Comment 12 Timo Sintonen 2017-02-19 08:00:29 CET

(In reply to Iain Buclaw from comment #11)
> Is this still problematic?  I ask because now the old data generation pass
> is gone completely.

This bug is originally about failing tests, but while in topic I want to add my point of wiew.

Anything in .rodata goes into the loadable file and into the code memory (rom in microcontrollers)
Anything in .data goes into the file and into the code memory where it is copied into the data memory (ram in microcontrollers)
Anything in .bss tekes space only in data memory. (except the gold linker may put it into the file while ld does not)
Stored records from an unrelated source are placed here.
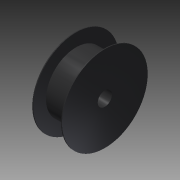
# Autodesk Inventor part: rolka_filamentu
Saved by Autodesk Inventor 2013 (Build 170138000, 138)
## iProperties
Created: 2014-04-26
Part Number: rolka_filamentu
Material: Generic
Document SubType Name: Modeling
Designer: Masta
Density: 1 g/cm^3
Author: Masta
Autodesk Inventor part; units mm, degrees
ref_plane "YZ Plane" through (0, 0, 0) normal (1, 0, 0) x (0, 1, 0)
ref_plane "XZ Plane" through (0, 0, 0) normal (0, 1, 0) x (-1, 0, 0)
ref_plane "XY Plane" through (0, 0, 0) normal (0, 0, 1) x (1, 0, 0)
sketch "Sketch1" plane through (0, 0, 0) normal (0, 0, 1) x (1, 0, 0)
  line L0 (0, 0) -> (52, 0)
  line L1 (52, 0) -> (52, 150)
  line L2 (52, 150) -> (49, 150)
  line L3 (49, 150) -> (49, 105)
  line L4 (49, 105) -> (0, 105)
  line L5 (0, 105) -> (0, 0)
  line L6 (0, 25) -> (52, 25)
  dimension "d0" = 52
  dimension "d1" = 150
  dimension "d2" = 3
  dimension "d3" = 25
  dimension "d4" = 105
  constraints: 14 end point, 3 parallel, 3 perpendicular, 2 point on line, 1 horizontal
  measures "d0" distance of L0.start L0.end
  measures "d1" distance of L0.end L1.end
  measures "d2" distance of L1.end L2.end
  measures "d3" distance between parallel lines of L0 L6
  measures "d4" distance between parallel lines of L0 L4
revolve "Revolution1" add sketch "Sketch1" angle 360 about axis through (0, 0, 0) along (1, 0, 0) contours L5 L4 L3 L2 L1 L6
mirror "Mirror1" about plane through (0, 65, 0) normal (-1, 0, 0) of "Revolution1"
body "Solid1"
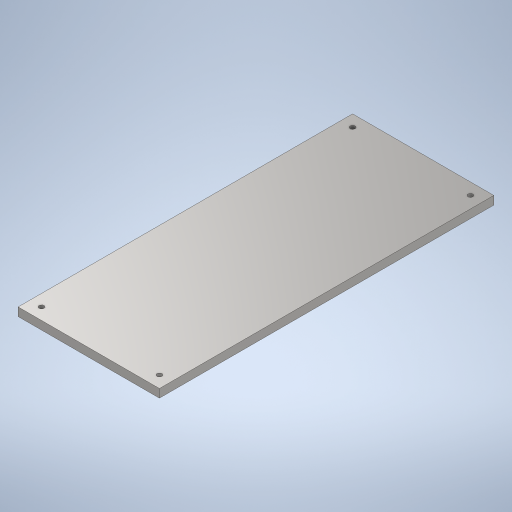
# Autodesk Inventor part: Tutup_system
Saved by Autodesk Inventor 2023.1 (Build 271208000, 208)
## iProperties
Created: 2024-03-27
Part Number: Tutup_system
Material: Generic
Document SubType Name: Modeling
Designer: bahariridwan
Density: 1 g/cm^3
Appearance: Stainless - Brushed
Author: bahariridwan
Autodesk Inventor part; units mm, degrees
ref_plane "YZ Plane" through (0, 0, 0) normal (1, 0, 0) x (0, 1, 0)
ref_plane "XZ Plane" through (0, 0, 0) normal (0, 1, 0) x (-1, 0, 0)
ref_plane "XY Plane" through (0, 0, 0) normal (0, 0, 1) x (1, 0, 0)
sketch "Sketch1" plane through (0, 0, 0) normal (0, 1, 0) x (-1, 0, 0)
  line L0 (0, 0) -> (84.487, 0)
  line L1 (84.487, 0) -> (84.487, -200)
  line L2 (84.487, -200) -> (0, -200)
  line L3 (0, -200) -> (0, 0)
  constraints: 8 end point, 2 parallel, 1 horizontal, 1 perpendicular
extrude "Extrusion1" add sketch "Sketch1" along normal blind 5
sketch "Sketch2" plane through (0, 5, 0) normal (0, 1, 0) x (1, 0, 0)
  circle A0 centre (-7, 7) radius 1.5
  circle A1 centre (-77.487, 7) radius 1.5
  circle A2 centre (-77.487, 193) radius 1.5
  circle A3 centre (-7, 193) radius 1.5
  line L0 (-84.487, 200) -> (-84.487, 0) projected
  line L1 (-84.487, 0) -> (0, 0) projected
  line L2 (0, 0) -> (0, 200) projected
  line L3 (0, 200) -> (-84.487, 200) projected
  dimension "d4" = 3
  dimension "d5" = 3
  dimension "d6" = 3
  dimension "d7" = 3
  dimension "d8" = 7
  dimension "d9" = 7
  dimension "d10" = 7
  dimension "d11" = 7
  dimension "d12" = 7
  dimension "d13" = 7
  dimension "d14" = 7
  dimension "d15" = 7
  constraints: 4 centre point
  measures "d4" diameter of A0
  measures "d5" diameter of A1
  measures "d6" diameter of A2
  measures "d7" diameter of A3
  measures "d8" distance from line of L0 A1.centre
  measures "d9" distance from line of L1 A1.centre
  measures "d10" distance from line of L2 A0.centre
  measures "d11" distance from line of L1 A0.centre
  measures "d12" distance from line of L0 A2.centre
  measures "d13" distance from line of L3 A2.centre
  measures "d14" distance from line of L2 A3.centre
  measures "d15" distance from line of L3 A3.centre
extrude "Extrusion2" cut sketch "Sketch2" against normal blind 5 contours A0 | A1 | A2 | A3
equation "\"d9\" = d8"
equation "\"d10\" = d8"
equation "\"d11\" = d8"
equation "\"d12\" = d8"
equation "\"d13\" = d8"
equation "\"d14\" = d8"
equation "\"d15\" = d8"
body "Solid1"
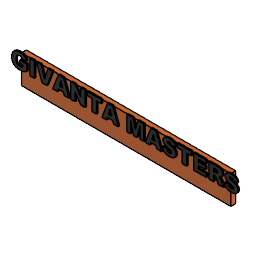
logo-strip (Autodesk Fusion 360 design; units mm, degrees)
part number: 2026-08-18-19-37-08-995
Autodesk Fusion 360 part; units mm, degrees
sketch "Sketch1" plane through (0, 0, 0) normal (0, 0, 1) x (1, 0, 0)
  line L0 (0, 0) -> (125, 0)
  line L1 (125, 0) -> (125, 3)
  line L2 (125, 3) -> (0, 3)
  line L3 (0, 3) -> (0, 0)
extrude "Extrude1" add sketch "Sketch1" along normal blind 17 makes body 1
sketch "Sketch2" plane through (0, 0, 0) normal (0, -1, 0) x (1, 0, 0)
  line L0 (0, 0) -> (125, 0)
  line L1 (125, 0) -> (125, 17)
  line L2 (125, 17) -> (0, 17)
  line L3 (0, 17) -> (0, 0)
  line L4 (8, 8.5) -> (117, 8.5)
  dimension "d151" = 9
  text T0 "GIVANTA MASTERS" font "Arial Black" height 9 align centre spacing 1 along the path L4 letters at x, y, angle (-5.6753, 22.3377, 0) (4.7981, 22.3377, 0) (9.691, 22.3377, 0) (19.4829, 22.3377, 0) (29.2995, 22.3377, 0) (39.7729, 22.3377, 0) (48.8527, 22.3377, 0) (58.6692, 22.3377, 0) (62.8622, 22.3377, 0) (74.7292, 22.3377, 0) (84.5457, 22.3377, 0) (93.6255, 22.3377, 0) (102.7053, 22.3377, 0) (111.7851, 22.3377, 0) (121.5955, 22.3377, 0)
extrude "Extrude2" add sketch "Sketch2" along normal blind 0.8 separate body text T0 makes body 2 at (104.5491, 0, 12.7708) makes body 3 at (64.5116, 0, 13.7879) makes body 4 at (26.854, 0, 12.6439) makes body 5 at (3.2551, 0, 11.7292) makes body 6 at (37.972, 0, 12.8404) makes body 7 at (82.1003, 0, 12.6439) makes body 8 at (113.6739, 0, 12.7176) makes body 9 at (97.6774, 0, 13.0184) makes body 10 at (56.2237, 0, 12.6439) makes body 11 at (12.5007, 0, 12.3411) makes body 12 at (6.7585, 0, 14.5) makes body 13 at (43.8247, 0, 13.0184) makes body 14 at (90.7117, 0, 13.219) makes body 15 at (127.7615, 0, 13.219)
equation "d152 = 'GIVANTA MASTERS'"
named bodies: "Тело", "Логотип (2-й цвет)", "Логотип", "Логотип (1)", "Логотип (2)", "Логотип (3)", "Логотип (4)", "Логотип (5)", "Логотип (6)", "Логотип (7)", "Логотип (8)", "Логотип (9)", "Логотип (10)", "Логотип (11)", "Логотип (12)"

This means anything in .data consumes more resources than anything in other segments. Then there are different goals: in desktop programs it may be desirable to have a smaller file while in microcontrollers it is important to minimize the usage of ram.
It seems that in typical controllers the rom/ram ratio is good for applications written in C but appications written in D require more ram. This means I would like to move as much as possible to the .rodata section. there are other data too, like classinfo.

Maybe there should be a switch that selects between desktop mode and microcontroller mode. This switch might also remove all of typeinfo or other unnecessary things.

Comment 13 Iain Buclaw 2017-03-02 22:01:03 CET

What if all static vars were to be kept in .bss then?  Does that come with the same cost?

If no, then this is probably a valid argument for implementing bug 246 then.